Automatic compaction

By default, Tau compacts automatically when the estimate gets close to the model’s context window. It checks three moments:

before a new prompt (to catch context added out-of-band),
after a successful turn (to compact before your next turn), and
after a context-overflow error (compact and retry once).

When it compacts, Tau asks the model to summarize older messages, keeps a recent suffix of the conversation, and continues. The original session file is never edited — only the active context sent to the provider changes.

The default threshold follows the model’s context window minus a reserve. You can override it for a run:

tau --auto-compact-threshold 100000

Automatic compaction is best-effort: if summarization fails, Tau logs it, keeps the original context, and carries on.

Manual compaction

Compact on demand any time:

/compact
/compact focus on the database migration work

Optional text after /compact is added as extra focus for the summary. Manual compaction summarizes the whole active context into one summary and fails visibly if the request fails.

Thinking modes

Some models can spend extra effort reasoning before answering.
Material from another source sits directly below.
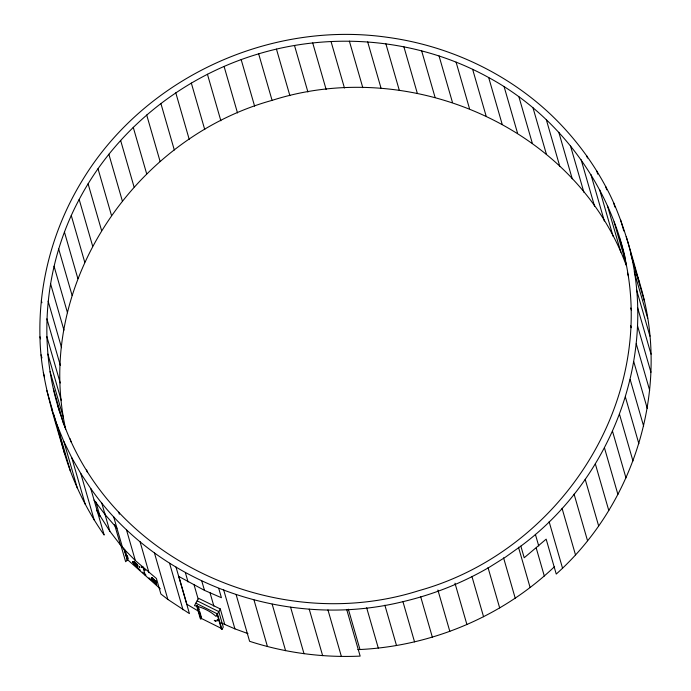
<?xml version="1.0" encoding="UTF-8"?>
<svg xmlns="http://www.w3.org/2000/svg" width="691" height="691" viewBox="0 0 691 691"><rect width="100%" height="100%" fill="white"/><g stroke="black" fill="none" stroke-linecap="round" stroke-linejoin="round"><path stroke-width="1.04" d="M51.333 407.802L57.051 424.887L63.874 441.558L71.786 457.762L80.752 473.43L90.737 488.502L104.168 535.033C86.85 510.442 73.479 483.13 64.764 454.341C53.57 415.922 40.484 377.26 39.966 336.811C38.489 282.049 53.665 227.244 82.229 180.576C143.961 78.238 268.989 20.505 386.977 37.254C447.975 45.425 506.434 72.512 551.176 114.913C573.012 135.781 591.531 160.062 605.782 186.708C622.15 216.879 630.201 250.462 639.667 283.198C671.289 385.725 635.634 502.944 556.238 574.057L546.158 539.153L524.21 557.758L520.85 546.123C614.385 476.989 661.132 348.791 626.236 236.659M59.996 413.088C37.124 343.073 44.449 264.333 79.18 199.457C116.192 129.303 182.778 76.26 258.65 53.838C334.479 31.104 419.273 39.102 488.684 77.547C557.015 114.62 607.398 181.603 625.035 257.233M65.68 429.266C33.928 286.549 133.804 138.468 272.081 100.368C409.832 56.239 575.707 127.118 626.331 265.586M57.906 405.85C100.713 556.22 273.049 637.059 418.919 590.632C566.395 549.76 666.323 387.806 619.663 238.62M144.963 570.179L144.289 569.229L145.17 570.075M216.939 620.268L218.011 620.838M196.443 605.221L200.321 618.67L200.891 618.946L201.539 617.78L199.794 611.725M220.282 608.935L216.093 616.467L214.944 615.448A47.359 45.261 -16.1 0 0 196.952 606.24L194.447 605.67L198.542 598.302L220.282 608.935L224.756 624.448M217.034 614.049L221.405 629.173L221.966 629.458L223.271 627.108L218.797 611.595L197.151 600.807M145.844 575.05L145.369 575.543L142.752 566.473M152.02 580.06L156.036 583.731L155.371 581.399L155.838 580.915M127.749 559.624L125.641 561.731L121.167 546.218L135.35 560.574L156.416 578.497L160.891 594.01L167.861 599.451L189.438 613.617L176.006 567.078M357.817 649.566L359.976 649.523C431.927 645.999 502.435 616.407 554.588 566.585M137.241 566.059L137.742 565.67L137.25 566.076L133.208 562.319L133.709 561.964L136.835 564.599M133.432 563.122L133.933 562.733L133.544 563.51L137.526 567.043M137.302 566.274L137.803 565.886L137.293 566.249L133.32 562.707M154.404 580.043L156.002 581.477L155.501 581.865L151.51 578.298L152.02 577.935L151.64 578.73L155.674 582.461M151.579 578.54L152.08 578.151L151.579 578.514L155.561 582.072L156.062 581.692M151.692 578.928L152.193 578.54M155.389 581.477L155.89 581.088L155.38 581.451M151.398 577.909L155.44 581.667L155.941 581.286L151.96 577.719M133.208 562.319L133.709 561.938M133.924 562.716L133.423 563.096L137.466 566.853M133.536 563.485L134.037 563.105M137.682 565.48L137.362 566.465L133.372 562.906M137.354 566.439L137.855 566.059L133.087 561.913M151.51 578.298L152.011 577.918M151.631 578.704L152.132 578.324M155.44 581.641L155.941 581.261M155.492 581.839L155.993 581.459M155.553 582.055L156.054 581.667M520.85 546.123L505.605 557.032L489.703 567.009A299.92 286.661 -16.1 0 1 402.577 601.749C288.449 629.786 158.628 585.778 90.737 488.502M218.045 620.708L217.466 620.483M236.167 594.752L249.598 641.291C285.176 652.857 322.801 657.815 360.158 656.105L346.727 609.566M217.397 619.482L217.976 619.697M216.991 620.216L217.57 620.44M141.828 567.337C139.91 565.445 143.452 568.157 141.448 567.251M141.707 567.466L141.327 567.043L141.715 567.475M144.307 569.686L144.488 569.954M221.103 622.85L234.923 628.87L247.939 633.595M178.693 576.389L204.476 590.356L221.431 597.732L218.745 588.43M215.981 621.131L214.262 620.337L215.886 621.511M195.847 603.157L217.492 613.945L221.966 629.458M221.69 628.568L201.211 618.359L197.436 605.273M198.688 611.293L186.872 604.279L178.814 576.354M144.713 569.928L144.402 569.557L144.626 569.954M139.85 567.199L139.28 566.646M134.27 561.852L137.457 564.702M134.33 562.042L137.518 564.901M152.936 579.049L156.114 581.882M156.175 582.081L151.389 577.866L152.063 580.19M132.974 561.524L137.017 565.281M133.147 562.128L137.138 565.687M151.744 579.093L155.734 582.66M151.795 579.291L155.786 582.85M151.856 579.481L155.898 583.239M151.968 579.87L155.95 583.429M133.596 563.675L137.613 567.346L136.939 565.013L132.957 561.481L133.631 563.804M137.906 568.002L140.273 570.101M142.631 572.2L145.775 574.998M148.988 577.849L151.346 579.948M155.285 583.446L156.857 584.845M160.321 588.836L127.999 560.09L125.088 550.019M139.66 567.51L139.09 566.94M94.045 500.059L105.067 514.545L116.96 528.252M96.481 510.2L109.852 531.232L121.892 546.849M635.297 270.138L639.667 283.198M630.823 254.081L644.254 300.611M620.518 219.583L623.809 230.958M634.252 271.762L647.683 318.292M613.694 202.912L614.886 207.041M636.515 289.65L649.946 336.18M605.782 186.708L606.672 189.809M624.137 255.635L625.631 260.809M614.074 221.932L626.314 264.325M627.488 272.919L628.387 276.02M637.603 307.659L651.034 354.189M607.406 205.642L620.838 252.172M596.817 171.04L597.706 174.141M599.667 189.809L613.098 236.339M637.508 325.729L650.939 372.268M586.832 155.967L587.428 158.032M630.762 307.996L631.358 310.06M590.909 174.495L604.34 221.034M636.238 343.79L649.67 390.32M630.676 325.651L631.272 327.715M581.148 159.768L594.58 206.307M633.794 361.756L647.225 408.295M570.438 145.689L583.869 192.219M558.812 132.301L572.243 178.831M630.192 379.575L643.623 426.105M546.313 119.655L559.745 166.194M625.433 397.161L638.864 443.7M533.003 107.822L546.434 154.352M619.542 414.462L632.973 460.992M518.915 96.826L532.346 143.357M612.546 431.391L625.977 477.922M504.128 86.721L517.559 133.259M604.47 447.889L617.901 494.419M488.684 77.547L502.115 124.086M595.34 463.894L608.771 510.424M472.644 69.342L486.075 115.872M585.199 479.338L598.631 525.868M456.077 62.13L469.509 108.668M574.091 494.16L587.523 540.69M439.053 55.945L452.484 102.484M562.051 508.3L575.482 554.838M421.631 50.814L435.062 97.345M549.129 521.714L562.56 568.252M403.881 46.755L417.312 93.285M535.378 534.342L538.738 545.976M536.251 548.101L544.309 576.018M385.872 43.775L399.303 90.314M518.475 547.203L530.118 587.54M367.681 41.901L381.112 88.439M503.584 557.862L515.218 598.19M349.37 41.132L362.801 87.671M488.036 567.613L499.679 607.942M331.024 41.477L344.455 88.007M471.918 576.415L483.562 616.743M312.703 42.92L326.135 89.459M454.98 583.204L466.917 624.569M294.487 45.468L307.918 92.007M437.887 590.019L449.824 631.384M276.452 49.113L289.883 95.652M420.707 596.834L432.35 637.162M258.65 53.838L272.081 100.368M402.913 601.559L414.548 641.887M241.176 59.616L254.608 106.146M384.87 605.195L396.513 645.532M224.083 66.431L237.514 112.961M366.653 607.752L378.297 648.08M207.438 74.257L220.87 120.787M348.342 609.194L359.976 649.523M191.321 83.058L204.752 129.597M327.949 609.92L341.38 656.45M175.782 92.81L189.213 139.34M309.214 609.125L322.645 655.664M160.882 103.46L174.313 149.999M290.591 607.208L304.023 653.746M146.691 114.982L160.122 161.513M272.168 604.167L285.599 650.697M133.251 127.317L146.682 173.847M254.003 600.013L267.434 646.543M120.623 140.42L134.054 186.95M108.858 154.24L122.29 200.779M223.582 589.57L234.923 628.87M98.01 168.725L111.432 215.264M209.995 592.705L213.882 606.145M88.103 183.815L101.534 230.353M201.789 581.045L204.476 590.356M193.964 584.5L198.144 598.976M198.334 606.689L199.215 609.721M197.108 605.843L200.891 618.946M79.18 199.457L92.611 245.987M185.378 572.649L188.064 581.952M71.285 215.575L84.717 262.114M169.571 563.26L183.003 609.79M64.453 232.116L77.884 278.654M154.43 552.921L167.861 599.451M58.7 249.019L72.132 295.549M140.023 541.666L148.971 572.692M54.045 266.208L67.476 312.738M126.393 529.548L135.35 560.574M118.757 512.169L119.353 514.234M50.521 283.612L63.952 330.143M127.308 555.573L128.18 558.604M124.328 549.492L127.524 560.582L123.568 547.842M113.609 516.618L122.557 547.635M114.594 524.633L120.562 545.311M48.137 301.172L61.568 347.703M101.707 502.918L105.067 514.545M104.479 512.618L109.852 531.232M46.893 318.819L60.324 365.349M41.33 300.68L41.926 302.744M86.66 469.966L87.256 472.039M95.911 502.029L100.091 516.505M46.807 336.474L60.238 383.004M47.869 354.077L61.3 400.607M80.752 473.43L94.183 519.96M70.162 438.828L71.061 441.929M50.08 371.551L63.512 418.081M39.966 336.811L40.562 338.875M63.494 422.538L64.989 427.703M53.432 388.834L63.581 423.989M71.786 457.762L85.218 504.292M41.054 354.82L41.952 357.921M63.874 441.558L77.306 488.088M43.317 372.708L44.509 376.837M57.051 424.887L70.482 471.417M46.746 390.389L52.715 411.067M53.311 413.14L56.895 425.552M57.491 427.617L64.764 454.341M59.573 433.801L60.177 436.919M133.769 562.154L133.268 562.543L133.769 562.154M133.994 562.932L133.493 563.312L133.985 562.906"/></g></svg>

Tau exposes a thinking level you can cycle:

off → minimal → low → medium → high → xhigh

Shift+Tab cycles the thinking level (default is medium).
Ctrl+T toggles whether streamed reasoning tokens are shown (hidden by default).

Thinking is model-aware: Tau enables it only when the active provider declares supported levels for the active model. When it’s unavailable, /session shows the reason (e.g. the provider doesn’t declare thinking_levels, or the model isn’t listed). Custom providers can opt in via thinking_levels in their config — see Configuration.